Why does my medical AI look at pictures of birds? Exploring the efficacy of transfer learning across domain boundaries

Frederic Jonske et al. Comput Methods Programs Biomed. 2025 Apr.
Free article

Abstract

Purpose: In medical deep learning, models not trained from scratch are typically fine-tuned based on ImageNet-pretrained models. We posit that pretraining on data from the domain of the downstream task should almost always be preferable.

Materials and methods: We leverage RadNet-12M and RadNet-1.28M, datasets containing >12 million/1.28 million acquired CT image slices from 90,663 individual scans, and explore the efficacy of self-supervised, contrastive pretraining on the medical and natural image domains. We compare the respective performance gains for five downstream tasks. For each experiment, we report accuracy, AUC, or DICE score and uncertainty estimations based on four separate runs. We quantify significance using Welch's t-test. Finally, we perform feature space analysis to characterize the nature of the observed performance gains.

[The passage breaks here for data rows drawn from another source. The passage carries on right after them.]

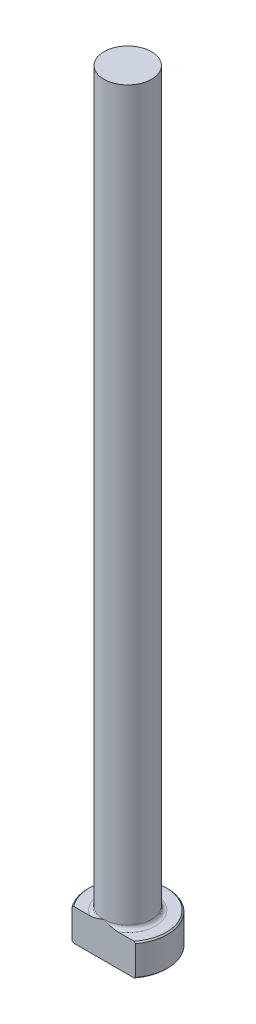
from build123d import *

# Parameters (mm, degrees)
CHAMFER1_SIZE = 0.254
FILLET1_R     = 0.762
KEY_DEPTH     = 153.812852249


with BuildPart() as part:
    # Sketch1 → Revolve1 (revolve)
    with BuildSketch(Plane.XY, mode=Mode.PRIVATE) as revolve1_sk:
        Polygon((0, 0), (-7.9375, 0), (-7.9375, 6.35), (-4.7625, 6.35), (-4.7625, 152.4), (0, 152.4), align=None)
    revolve(revolve1_sk.sketch.rotate(Axis((0, 259.958771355, 0), (0, -1, 0)), 270), axis=Axis((0, 259.958771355, 0), (0, -1, 0)))

    # Chamfer1
    chamfer1_edges = [part.edges().sort_by_distance(p)[0] for p in [
        (0, 6.35, -7.9375),
        (0, 0, -7.9375),
    ]]
    chamfer(chamfer1_edges, length=CHAMFER1_SIZE)

    # Fillet1
    fillet1_edges = [part.edges().sort_by_distance(p)[0] for p in [
        (0, 6.35, -4.7625),
    ]]
    fillet(fillet1_edges, radius=FILLET1_R)

    # Sketch2 → Key (cut, through all)
    with BuildSketch(Plane(origin=(0, 0, 0), x_dir=(1, 0, 0), z_dir=(0, 1, 0))):
        with BuildLine():
            Line((-6.35, -4.7625), (6.35, -4.7625))
            ThreePointArc((6.35, -4.7625), (0, -7.9375), (-6.35, -4.7625))
        make_face()
    extrude(amount=KEY_DEPTH, mode=Mode.SUBTRACT)


solid = part.part
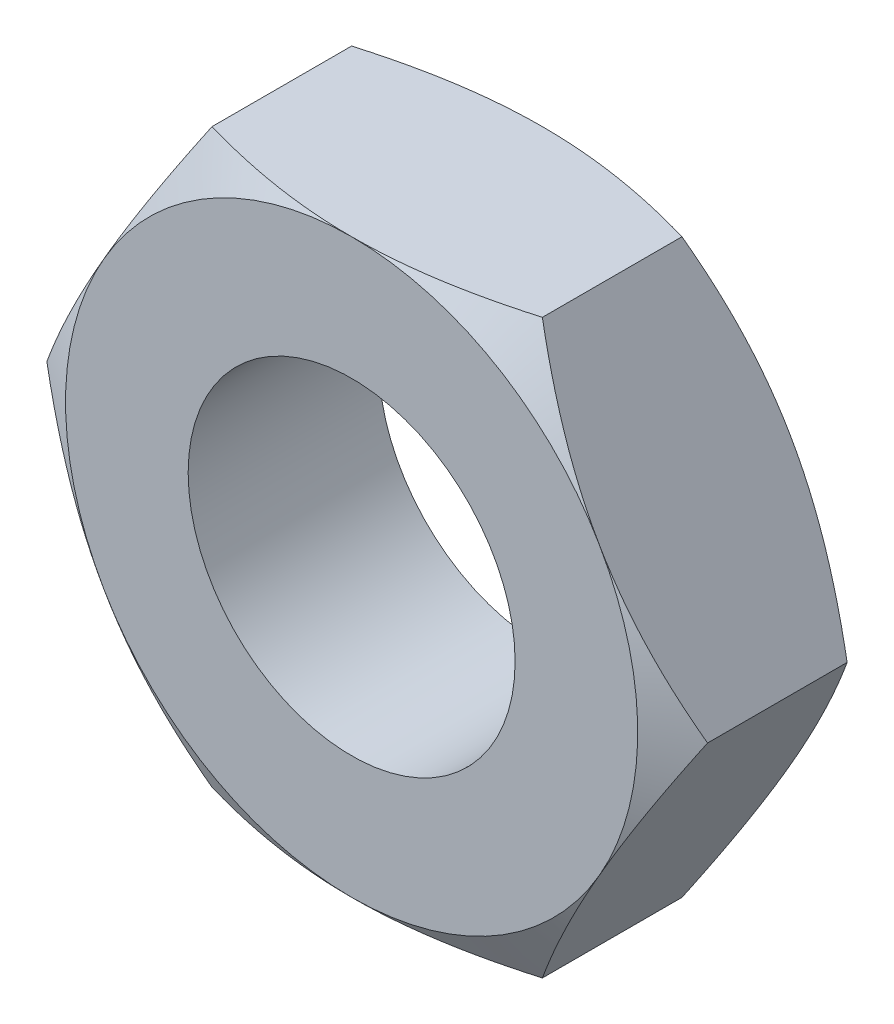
ISO-10303-21;
HEADER;
FILE_DESCRIPTION(('STEP AP214'),'2;1');
FILE_NAME('part.step','',(''),(''),'','','');
FILE_SCHEMA(('AUTOMOTIVE_DESIGN { 1 0 10303 214 1 1 1 1 }'));
ENDSEC;
DATA;
#1=APPLICATION_CONTEXT('core data for automotive mechanical design processes');
#2=APPLICATION_PROTOCOL_DEFINITION('international standard','automotive_design',2000,#1);
#3=PRODUCT_CONTEXT('',#1,'mechanical');
#4=PRODUCT('Part','Part','',(#3));
#5=PRODUCT_RELATED_PRODUCT_CATEGORY('part','',(#4));
#6=PRODUCT_DEFINITION_FORMATION('','',#4);
#7=PRODUCT_DEFINITION_CONTEXT('part definition',#1,'design');
#8=PRODUCT_DEFINITION('design','',#6,#7);
#9=PRODUCT_DEFINITION_SHAPE('','',#8);
#10=(LENGTH_UNIT() NAMED_UNIT(*) SI_UNIT(.MILLI.,.METRE.));
#11=(NAMED_UNIT(*) PLANE_ANGLE_UNIT() SI_UNIT($,.RADIAN.));
#12=(NAMED_UNIT(*) SI_UNIT($,.STERADIAN.) SOLID_ANGLE_UNIT());
#13=UNCERTAINTY_MEASURE_WITH_UNIT(LENGTH_MEASURE(1.E-05),#10,'distance_accuracy_value','');
#14=(GEOMETRIC_REPRESENTATION_CONTEXT(3) GLOBAL_UNCERTAINTY_ASSIGNED_CONTEXT((#13)) GLOBAL_UNIT_ASSIGNED_CONTEXT((#10,
#11,#12)) REPRESENTATION_CONTEXT('',''));
#15=CARTESIAN_POINT('',(0.,0.,0.));
#16=DIRECTION('',(0.,0.,1.));
#17=DIRECTION('',(1.,0.,0.));
#18=AXIS2_PLACEMENT_3D('',#15,#16,#17);
#19=CARTESIAN_POINT('',(-6.06217782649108,-10.5,3.5));
#20=DIRECTION('',(0.,1.,0.));
#21=DIRECTION('',(-1.,0.,0.));
#22=AXIS2_PLACEMENT_3D('',#19,#20,#21);
#23=PLANE('',#22);
#24=CARTESIAN_POINT('',(-16.3129856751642,-10.5,-1.63846950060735));
#25=CARTESIAN_POINT('',(-16.0835361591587,-10.5,-1.52707913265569));
#26=CARTESIAN_POINT('',(-15.8538181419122,-10.5,-1.41624209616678));
#27=CARTESIAN_POINT('',(-15.3937890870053,-10.5,-1.19579997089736));
#28=CARTESIAN_POINT('',(-15.163478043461,-10.5,-1.08619489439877));
#29=CARTESIAN_POINT('',(-14.4715103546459,-10.5,-0.75938680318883));
#30=CARTESIAN_POINT('',(-14.0088866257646,-10.5,-0.544223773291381));
#31=CARTESIAN_POINT('',(-13.0780494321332,-10.5,-0.119481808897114));
#32=CARTESIAN_POINT('',(-12.6098192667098,-10.5,0.0900606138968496));
#33=CARTESIAN_POINT('',(-11.6696450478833,-10.5,0.500610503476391));
#34=CARTESIAN_POINT('',(-11.1977011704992,-10.5,0.701618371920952));
#35=CARTESIAN_POINT('',(-10.2341376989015,-10.5,1.09911565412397));
#36=CARTESIAN_POINT('',(-9.74237234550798,-10.5,1.29525366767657));
#37=CARTESIAN_POINT('',(-8.75310081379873,-10.5,1.67275620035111));
#38=CARTESIAN_POINT('',(-8.25559400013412,-10.5,1.85411906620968));
#39=CARTESIAN_POINT('',(-7.25496302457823,-10.5,2.19733177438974));
#40=CARTESIAN_POINT('',(-6.75185245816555,-10.5,2.35922082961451));
#41=CARTESIAN_POINT('',(-5.73843328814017,-10.5,2.65831332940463));
#42=CARTESIAN_POINT('',(-5.22812699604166,-10.5,2.79552451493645));
#43=CARTESIAN_POINT('',(-4.20270898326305,-10.5,3.03797394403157));
#44=CARTESIAN_POINT('',(-3.68763862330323,-10.5,3.1433824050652));
#45=CARTESIAN_POINT('',(-2.91032009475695,-10.5,3.27307843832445));
#46=CARTESIAN_POINT('',(-2.6504099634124,-10.5,3.31157604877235));
#47=CARTESIAN_POINT('',(-2.12928788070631,-10.5,3.37834473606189));
#48=CARTESIAN_POINT('',(-1.86807605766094,-10.5,3.40661680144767));
#49=CARTESIAN_POINT('',(-1.34812810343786,-10.5,3.45201482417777));
#50=CARTESIAN_POINT('',(-1.08940434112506,-10.5,3.46928188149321));
#51=CARTESIAN_POINT('',(-0.571458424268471,-10.5,3.4928581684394));
#52=CARTESIAN_POINT('',(-0.31223627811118,-10.5,3.49916758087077));
#53=CARTESIAN_POINT('',(0.206244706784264,-10.5,3.50067798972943));
#54=CARTESIAN_POINT('',(0.465503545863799,-10.5,3.49587887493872));
#55=CARTESIAN_POINT('',(0.983587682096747,-10.5,3.47528974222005));
#56=CARTESIAN_POINT('',(1.24241295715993,-10.5,3.45949918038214));
#57=CARTESIAN_POINT('',(1.86344525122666,-10.5,3.40875885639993));
#58=CARTESIAN_POINT('',(2.22523971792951,-10.5,3.36865003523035));
#59=CARTESIAN_POINT('',(2.94614663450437,-10.5,3.26913634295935));
#60=CARTESIAN_POINT('',(3.30525871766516,-10.5,3.20972888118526));
#61=CARTESIAN_POINT('',(4.37814927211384,-10.5,3.00570854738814));
#62=CARTESIAN_POINT('',(5.087093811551,-10.5,2.83533364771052));
#63=CARTESIAN_POINT('',(6.14742972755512,-10.5,2.53978392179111));
#64=CARTESIAN_POINT('',(6.50431432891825,-10.5,2.43318380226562));
#65=CARTESIAN_POINT('',(7.21461615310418,-10.5,2.20889470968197));
#66=CARTESIAN_POINT('',(7.56803335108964,-10.5,2.09120565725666));
#67=CARTESIAN_POINT('',(8.2715143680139,-10.5,1.84662886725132));
#68=CARTESIAN_POINT('',(8.62157922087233,-10.5,1.71974407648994));
#69=CARTESIAN_POINT('',(9.31880400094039,-10.5,1.45827082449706));
#70=CARTESIAN_POINT('',(9.66596397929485,-10.5,1.32368249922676));
#71=CARTESIAN_POINT('',(10.5519074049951,-10.5,0.970716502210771));
#72=CARTESIAN_POINT('',(11.0888481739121,-10.5,0.747719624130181));
#73=CARTESIAN_POINT('',(12.1576434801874,-10.5,0.289814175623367));
#74=CARTESIAN_POINT('',(12.6894975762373,-10.5,0.0549045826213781));
#75=CARTESIAN_POINT('',(13.7491997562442,-10.5,-0.424177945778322));
#76=CARTESIAN_POINT('',(14.2770465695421,-10.5,-0.668353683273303));
#77=CARTESIAN_POINT('',(15.3293262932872,-10.5,-1.16389116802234));
#78=CARTESIAN_POINT('',(15.8537593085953,-10.5,-1.41525269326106));
#79=CARTESIAN_POINT('',(16.9005551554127,-10.5,-1.92402979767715));
#80=CARTESIAN_POINT('',(17.4229142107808,-10.5,-2.18145313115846));
#81=CARTESIAN_POINT('',(18.4653387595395,-10.5,-2.70090348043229));
#82=CARTESIAN_POINT('',(18.9854042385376,-10.5,-2.96293052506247));
#83=CARTESIAN_POINT('',(20.0235379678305,-10.5,-3.49068332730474));
#84=CARTESIAN_POINT('',(20.5416065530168,-10.5,-3.75640842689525));
#85=CARTESIAN_POINT('',(21.5761496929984,-10.5,-4.29094541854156));
#86=CARTESIAN_POINT('',(22.0926242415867,-10.5,-4.55975732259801));
#87=CARTESIAN_POINT('',(23.5406536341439,-10.5,-5.31798326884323));
#88=CARTESIAN_POINT('',(24.4706923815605,-10.5,-5.81029230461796));
#89=CARTESIAN_POINT('',(26.327550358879,-10.5,-6.80103892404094));
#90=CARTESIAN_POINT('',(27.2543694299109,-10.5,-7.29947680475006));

Results: We observe that intra-domain transfer (RadNet pretraining and CT-based tasks) compares favorably to cross-domain transfer (ImageNet pretraining and CT-based tasks), generally achieving comparable or improved performance - Δ = +0.44% (p = 0.541) when fine-tuned on RadNet-1.28M, Δ = +2.07% (p = 0.025) when linearly evaluating on RadNet-1.28M, and Δ = +1.63% (p = 0.114) when fine-tuning on 1 % of RadNet-1.28M data. This intra-domain advantage extends to LiTS 2017, another CT-based dataset, but not to other medical imaging modalities. A corresponding intra-domain advantage was also observed for natural images. Outside the CT image domain, ImageNet-pretrained models generalized better than RadNet-pretrained models. We further demonstrate that pretraining on medical images yields domain-specific features that are preserved during fine-tuning, and which correspond to macroscopic image properties and structures.

Conclusion: We conclude that intra-domain pretraining generally outperforms cross-domain pretraining, but that very narrow domain definitions apply. Put simply, pretraining on CT images instead of natural images yields an advantage when fine-tuning on CT images, and only on CT images. We further conclude that ImageNet pretraining remains a strong baseline, as well as the best choice for pretraining if only insufficient data from the target domain is available. Finally, we publish our pretrained models and pretraining guidelines as a baseline for future research.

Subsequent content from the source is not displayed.